Who can honestly account for the meaningless death of creatures and aqua life, being assailed by man-made chemicals, with dubious accreditation and testing.
Reminds me of the Jesuit Priest, standing in the bows of a canoe, proclaiming to the First Nations gathered at the beach, as he pronounces “We are hear to save you.”
Sad.
John Abbotts
Hello Robert,
Thank you for your comments and your interest in Sightline’s work. You may already know that some foresters follow sustainable practices, as this video from Beyond Toxics in Oregon shows: https://www.youtube.com/watch?v=y0nJdzbYoV8
John Abbotts
An update:
In September 2019, an Oregon Circuit Court judge ruled that state law pre-empts local efforts to regulate pesticides. In response, Lincoln County Community Rights, who submitted the ballot measure in 2017, announced they would appeal the court decision.
In addition, in March 2020, Oregon Rural communities called for an immediate ban on aerial pesticide spraying under a COVID-19 Emergency Declaration. Their petition to Governor Kate Brown for such a declaration can be found as a March 24, 2020 entry at http://www.lincolncountycommunityrights.org/
All stay safe,
John Abbotts
Another update, based on a Sightline Daily headline item today: Portland State researchers found in watersheds along the OR coast “a dozen unique pesticides — a combination of herbicides, fungicides and insecticides — in water samples and bivalves collected in downstream rivers and estuaries. The study finds that the mixing of these compounds once they enter aquatic ecosystems could have a negative impact on shellfish and other creatures living downstream — including harm to their hormonal processes and their reproduction and development.”
Now, the researchers acknowledge that the pesticides come from different sources, including the infamous DDT and its breakdown products, long-lived Persistent Bioaccumulative Toxins (PBT) that were reason why Rachel Carson started work on her ground-breaking Silent Spring, published in 1962, as we noted before, at https://www.sightline.org/2012/10/18/farm-workers-arctic-tribes-and-pesticides-on-northwest-crops/
The mixture also included Indaziflam, an herbicide used in orchards, Christmas trees, and other forestry practices. Researchers stressed that they found the pesticides and other chemicals in small amounts, that the contaminants are linked to separate sources, but aquatic animals, “are being exposed to not just pesticides and herbicides from forestry but also from other sources, [including] pharmaceuticals, microplastics from waste water, treatment plant effluent and from septic release,”

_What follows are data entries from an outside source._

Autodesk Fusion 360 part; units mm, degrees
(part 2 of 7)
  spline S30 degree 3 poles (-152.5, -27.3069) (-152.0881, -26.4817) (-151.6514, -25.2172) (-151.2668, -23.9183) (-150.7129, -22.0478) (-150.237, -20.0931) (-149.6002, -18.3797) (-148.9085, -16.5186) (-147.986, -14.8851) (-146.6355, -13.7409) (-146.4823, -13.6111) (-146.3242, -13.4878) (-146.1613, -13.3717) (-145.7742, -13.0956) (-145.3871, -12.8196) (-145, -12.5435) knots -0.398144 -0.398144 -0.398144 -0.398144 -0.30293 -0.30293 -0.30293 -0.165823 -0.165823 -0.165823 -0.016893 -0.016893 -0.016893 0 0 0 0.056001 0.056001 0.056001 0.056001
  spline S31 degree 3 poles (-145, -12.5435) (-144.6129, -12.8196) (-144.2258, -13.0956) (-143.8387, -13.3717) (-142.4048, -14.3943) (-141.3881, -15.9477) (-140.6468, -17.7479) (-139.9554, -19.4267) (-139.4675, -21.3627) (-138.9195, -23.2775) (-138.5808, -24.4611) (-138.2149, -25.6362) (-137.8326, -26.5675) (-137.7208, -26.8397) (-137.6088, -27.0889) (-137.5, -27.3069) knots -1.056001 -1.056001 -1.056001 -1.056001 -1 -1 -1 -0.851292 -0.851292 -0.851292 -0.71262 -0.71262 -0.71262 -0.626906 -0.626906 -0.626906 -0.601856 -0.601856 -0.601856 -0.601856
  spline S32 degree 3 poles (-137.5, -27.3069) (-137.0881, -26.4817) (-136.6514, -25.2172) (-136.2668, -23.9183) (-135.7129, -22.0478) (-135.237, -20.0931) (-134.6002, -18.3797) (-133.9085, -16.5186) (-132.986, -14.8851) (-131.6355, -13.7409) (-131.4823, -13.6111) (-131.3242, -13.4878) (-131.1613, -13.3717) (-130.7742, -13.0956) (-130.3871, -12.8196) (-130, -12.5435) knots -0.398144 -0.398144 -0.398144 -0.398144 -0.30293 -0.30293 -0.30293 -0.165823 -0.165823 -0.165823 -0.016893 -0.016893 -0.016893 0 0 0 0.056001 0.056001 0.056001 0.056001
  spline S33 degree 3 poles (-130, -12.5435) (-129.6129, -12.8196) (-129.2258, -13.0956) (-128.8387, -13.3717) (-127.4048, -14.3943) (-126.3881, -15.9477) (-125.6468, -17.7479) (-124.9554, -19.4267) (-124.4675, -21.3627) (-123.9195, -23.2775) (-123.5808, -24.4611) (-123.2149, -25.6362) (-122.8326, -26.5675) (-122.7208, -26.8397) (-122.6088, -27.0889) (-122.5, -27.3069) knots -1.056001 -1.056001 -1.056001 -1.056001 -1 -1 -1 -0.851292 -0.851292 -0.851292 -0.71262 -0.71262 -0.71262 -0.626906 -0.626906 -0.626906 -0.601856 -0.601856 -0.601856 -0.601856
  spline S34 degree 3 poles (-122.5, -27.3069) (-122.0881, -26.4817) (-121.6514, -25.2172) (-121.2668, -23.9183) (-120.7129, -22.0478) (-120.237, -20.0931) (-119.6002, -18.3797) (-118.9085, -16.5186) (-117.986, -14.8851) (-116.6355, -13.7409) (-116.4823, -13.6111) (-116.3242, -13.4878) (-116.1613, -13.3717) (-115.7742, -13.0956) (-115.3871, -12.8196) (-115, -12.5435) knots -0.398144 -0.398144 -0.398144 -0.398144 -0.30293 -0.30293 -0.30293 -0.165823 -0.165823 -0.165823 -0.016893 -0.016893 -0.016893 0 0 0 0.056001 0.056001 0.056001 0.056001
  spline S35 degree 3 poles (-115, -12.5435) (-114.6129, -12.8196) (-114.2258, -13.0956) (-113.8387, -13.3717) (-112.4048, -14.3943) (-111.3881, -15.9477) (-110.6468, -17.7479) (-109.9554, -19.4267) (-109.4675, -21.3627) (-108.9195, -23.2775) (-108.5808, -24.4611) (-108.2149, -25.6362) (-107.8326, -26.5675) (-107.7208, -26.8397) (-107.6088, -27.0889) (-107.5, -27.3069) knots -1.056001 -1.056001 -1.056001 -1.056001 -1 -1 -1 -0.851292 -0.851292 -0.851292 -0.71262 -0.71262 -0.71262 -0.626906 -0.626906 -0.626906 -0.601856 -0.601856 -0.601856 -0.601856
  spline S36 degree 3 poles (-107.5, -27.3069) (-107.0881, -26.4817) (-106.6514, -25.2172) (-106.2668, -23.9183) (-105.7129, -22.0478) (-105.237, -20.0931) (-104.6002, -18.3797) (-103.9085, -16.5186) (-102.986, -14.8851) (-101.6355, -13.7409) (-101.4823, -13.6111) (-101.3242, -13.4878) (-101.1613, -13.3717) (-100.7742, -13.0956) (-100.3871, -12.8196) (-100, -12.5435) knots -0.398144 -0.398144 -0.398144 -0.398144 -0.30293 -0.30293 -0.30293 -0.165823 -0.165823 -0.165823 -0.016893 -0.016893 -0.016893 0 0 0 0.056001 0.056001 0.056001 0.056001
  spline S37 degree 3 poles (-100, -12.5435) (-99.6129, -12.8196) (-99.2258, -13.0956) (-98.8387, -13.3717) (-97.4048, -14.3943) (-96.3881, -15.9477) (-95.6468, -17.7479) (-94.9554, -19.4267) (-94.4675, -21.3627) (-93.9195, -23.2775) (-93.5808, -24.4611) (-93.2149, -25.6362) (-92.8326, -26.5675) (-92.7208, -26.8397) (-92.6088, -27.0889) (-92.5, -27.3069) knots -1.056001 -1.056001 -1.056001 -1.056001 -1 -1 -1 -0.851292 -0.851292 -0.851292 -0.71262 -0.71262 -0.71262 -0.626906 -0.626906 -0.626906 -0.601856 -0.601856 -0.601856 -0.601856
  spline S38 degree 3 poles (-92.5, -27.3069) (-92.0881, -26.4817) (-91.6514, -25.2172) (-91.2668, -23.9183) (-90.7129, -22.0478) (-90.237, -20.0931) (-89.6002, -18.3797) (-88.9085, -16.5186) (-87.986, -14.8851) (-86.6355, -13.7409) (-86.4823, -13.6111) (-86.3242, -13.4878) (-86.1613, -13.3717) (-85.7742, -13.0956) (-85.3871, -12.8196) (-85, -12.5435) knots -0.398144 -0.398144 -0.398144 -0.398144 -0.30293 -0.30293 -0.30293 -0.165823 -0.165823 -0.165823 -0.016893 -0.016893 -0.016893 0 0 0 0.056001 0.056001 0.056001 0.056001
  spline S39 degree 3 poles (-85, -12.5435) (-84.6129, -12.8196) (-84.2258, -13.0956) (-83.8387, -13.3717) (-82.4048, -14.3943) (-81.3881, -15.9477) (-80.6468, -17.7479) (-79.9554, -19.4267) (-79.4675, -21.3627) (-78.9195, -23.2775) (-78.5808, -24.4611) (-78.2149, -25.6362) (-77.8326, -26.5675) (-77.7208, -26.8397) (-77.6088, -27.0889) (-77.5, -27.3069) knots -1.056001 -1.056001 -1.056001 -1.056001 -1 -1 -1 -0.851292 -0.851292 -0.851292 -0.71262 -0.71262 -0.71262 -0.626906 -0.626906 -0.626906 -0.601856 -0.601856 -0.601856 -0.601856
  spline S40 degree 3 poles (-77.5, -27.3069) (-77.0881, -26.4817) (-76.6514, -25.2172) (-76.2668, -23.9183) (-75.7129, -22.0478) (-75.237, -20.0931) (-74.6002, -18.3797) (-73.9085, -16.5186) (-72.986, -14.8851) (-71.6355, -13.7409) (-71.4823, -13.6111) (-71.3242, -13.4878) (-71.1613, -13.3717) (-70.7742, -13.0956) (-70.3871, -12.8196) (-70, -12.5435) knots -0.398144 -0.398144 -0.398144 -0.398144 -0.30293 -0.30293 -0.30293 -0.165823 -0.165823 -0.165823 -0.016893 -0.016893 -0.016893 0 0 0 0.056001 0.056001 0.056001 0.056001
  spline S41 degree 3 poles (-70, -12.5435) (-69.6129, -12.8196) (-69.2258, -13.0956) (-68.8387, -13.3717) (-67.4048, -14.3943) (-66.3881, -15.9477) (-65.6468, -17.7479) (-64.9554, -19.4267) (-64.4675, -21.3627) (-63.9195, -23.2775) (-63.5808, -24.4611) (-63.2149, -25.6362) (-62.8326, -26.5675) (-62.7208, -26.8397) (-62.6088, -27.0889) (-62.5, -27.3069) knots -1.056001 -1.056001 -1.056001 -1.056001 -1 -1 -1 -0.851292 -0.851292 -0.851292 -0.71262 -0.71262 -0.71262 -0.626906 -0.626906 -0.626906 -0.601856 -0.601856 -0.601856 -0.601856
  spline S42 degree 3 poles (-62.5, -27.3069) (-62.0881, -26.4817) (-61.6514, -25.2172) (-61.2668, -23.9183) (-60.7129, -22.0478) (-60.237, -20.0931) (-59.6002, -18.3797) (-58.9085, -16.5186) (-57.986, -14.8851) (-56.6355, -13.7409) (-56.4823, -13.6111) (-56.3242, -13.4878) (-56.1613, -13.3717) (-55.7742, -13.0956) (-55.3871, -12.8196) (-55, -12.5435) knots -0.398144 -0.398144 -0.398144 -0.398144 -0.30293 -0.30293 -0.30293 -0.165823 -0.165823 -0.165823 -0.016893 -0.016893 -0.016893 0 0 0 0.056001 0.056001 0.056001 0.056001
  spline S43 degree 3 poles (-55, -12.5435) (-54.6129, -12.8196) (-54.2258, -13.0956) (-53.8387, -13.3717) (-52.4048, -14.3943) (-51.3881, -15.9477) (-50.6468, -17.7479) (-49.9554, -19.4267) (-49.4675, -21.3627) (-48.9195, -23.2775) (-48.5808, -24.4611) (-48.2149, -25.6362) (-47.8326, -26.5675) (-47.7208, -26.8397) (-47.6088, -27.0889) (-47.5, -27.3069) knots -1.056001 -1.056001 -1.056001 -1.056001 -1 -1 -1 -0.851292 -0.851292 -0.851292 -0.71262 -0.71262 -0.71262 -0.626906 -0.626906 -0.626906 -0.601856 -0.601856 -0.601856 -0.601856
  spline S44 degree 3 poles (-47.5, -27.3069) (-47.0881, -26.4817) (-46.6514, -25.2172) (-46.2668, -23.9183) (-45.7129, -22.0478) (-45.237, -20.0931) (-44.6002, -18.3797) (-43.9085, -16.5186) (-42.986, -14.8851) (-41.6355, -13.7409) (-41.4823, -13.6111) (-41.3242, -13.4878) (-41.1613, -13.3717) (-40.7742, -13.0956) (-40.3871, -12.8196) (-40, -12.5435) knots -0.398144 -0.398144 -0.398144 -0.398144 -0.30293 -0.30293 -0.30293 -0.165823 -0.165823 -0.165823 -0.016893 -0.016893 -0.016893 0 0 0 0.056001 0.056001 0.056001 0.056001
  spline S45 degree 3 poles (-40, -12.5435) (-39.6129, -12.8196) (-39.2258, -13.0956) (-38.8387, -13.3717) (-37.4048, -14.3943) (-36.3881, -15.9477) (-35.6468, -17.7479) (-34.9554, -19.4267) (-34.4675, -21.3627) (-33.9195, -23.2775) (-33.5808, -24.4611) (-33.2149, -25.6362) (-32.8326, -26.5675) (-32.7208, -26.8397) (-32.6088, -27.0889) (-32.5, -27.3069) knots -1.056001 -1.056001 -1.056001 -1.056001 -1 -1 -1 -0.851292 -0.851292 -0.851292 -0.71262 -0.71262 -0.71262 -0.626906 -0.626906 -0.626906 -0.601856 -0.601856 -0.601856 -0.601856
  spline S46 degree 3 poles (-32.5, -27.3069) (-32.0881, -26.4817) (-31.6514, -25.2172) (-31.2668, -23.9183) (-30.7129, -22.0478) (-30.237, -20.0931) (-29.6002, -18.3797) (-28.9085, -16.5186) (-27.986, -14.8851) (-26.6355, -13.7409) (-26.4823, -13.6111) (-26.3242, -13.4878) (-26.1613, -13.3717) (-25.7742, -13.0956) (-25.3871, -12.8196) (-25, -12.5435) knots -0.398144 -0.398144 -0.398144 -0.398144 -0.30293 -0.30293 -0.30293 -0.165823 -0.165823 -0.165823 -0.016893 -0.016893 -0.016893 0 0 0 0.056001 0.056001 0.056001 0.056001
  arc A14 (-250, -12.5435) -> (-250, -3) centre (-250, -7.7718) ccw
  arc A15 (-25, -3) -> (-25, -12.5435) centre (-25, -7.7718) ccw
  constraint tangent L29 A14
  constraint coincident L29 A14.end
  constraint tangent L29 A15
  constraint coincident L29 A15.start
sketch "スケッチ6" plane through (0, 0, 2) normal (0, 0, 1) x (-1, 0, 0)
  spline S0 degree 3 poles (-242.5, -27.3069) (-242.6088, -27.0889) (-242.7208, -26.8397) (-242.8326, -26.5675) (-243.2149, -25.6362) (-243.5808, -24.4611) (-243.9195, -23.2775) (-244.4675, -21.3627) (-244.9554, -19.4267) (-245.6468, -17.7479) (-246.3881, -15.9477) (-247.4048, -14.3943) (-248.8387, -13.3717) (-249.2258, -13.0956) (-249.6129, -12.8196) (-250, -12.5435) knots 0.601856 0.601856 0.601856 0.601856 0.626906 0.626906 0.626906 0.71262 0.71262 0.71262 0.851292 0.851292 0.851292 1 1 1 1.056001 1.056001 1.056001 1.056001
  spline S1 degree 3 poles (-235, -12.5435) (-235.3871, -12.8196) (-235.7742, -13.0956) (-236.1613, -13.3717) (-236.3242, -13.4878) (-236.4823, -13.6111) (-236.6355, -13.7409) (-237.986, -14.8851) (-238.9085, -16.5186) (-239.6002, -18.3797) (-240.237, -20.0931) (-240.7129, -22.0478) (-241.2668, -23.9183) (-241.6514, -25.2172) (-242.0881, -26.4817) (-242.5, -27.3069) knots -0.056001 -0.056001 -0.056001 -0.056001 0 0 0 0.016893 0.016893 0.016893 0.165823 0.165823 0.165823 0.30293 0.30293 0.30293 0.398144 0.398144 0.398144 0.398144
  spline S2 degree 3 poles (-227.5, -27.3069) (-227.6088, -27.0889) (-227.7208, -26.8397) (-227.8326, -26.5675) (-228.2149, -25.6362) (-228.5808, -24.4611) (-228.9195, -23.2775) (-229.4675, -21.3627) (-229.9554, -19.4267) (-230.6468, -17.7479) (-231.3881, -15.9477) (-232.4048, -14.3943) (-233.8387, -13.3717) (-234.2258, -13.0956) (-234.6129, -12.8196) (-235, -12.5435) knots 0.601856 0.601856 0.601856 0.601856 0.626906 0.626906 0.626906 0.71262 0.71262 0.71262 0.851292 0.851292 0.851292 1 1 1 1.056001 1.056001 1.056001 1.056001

The authors note that because since there are no regulations that consider stressor effects of multiple compounds once they are mixed, it is hard to know the impacts on children and other living things from exposures to such mixtures.
As we have reported for Chlorpyrifos and other chemicals, current law requires EPA to evaluate the cumulative risk from all pathways and all pesticides with a “common mode of toxicity.” But there are no requirements to evaluate mixtures of pesticides and other toxics, to determine whether combined effects might be additive, multiplicative, or even antagonistic [i.e., counteract each other]
Indeed, an OSU professor who was not part of the PSU study, put the implications into perspective: “She said the findings underscore the challenges that regulators and scientists face in keeping up with the environmental impact of chemicals — hundreds of which are approved for use every year.”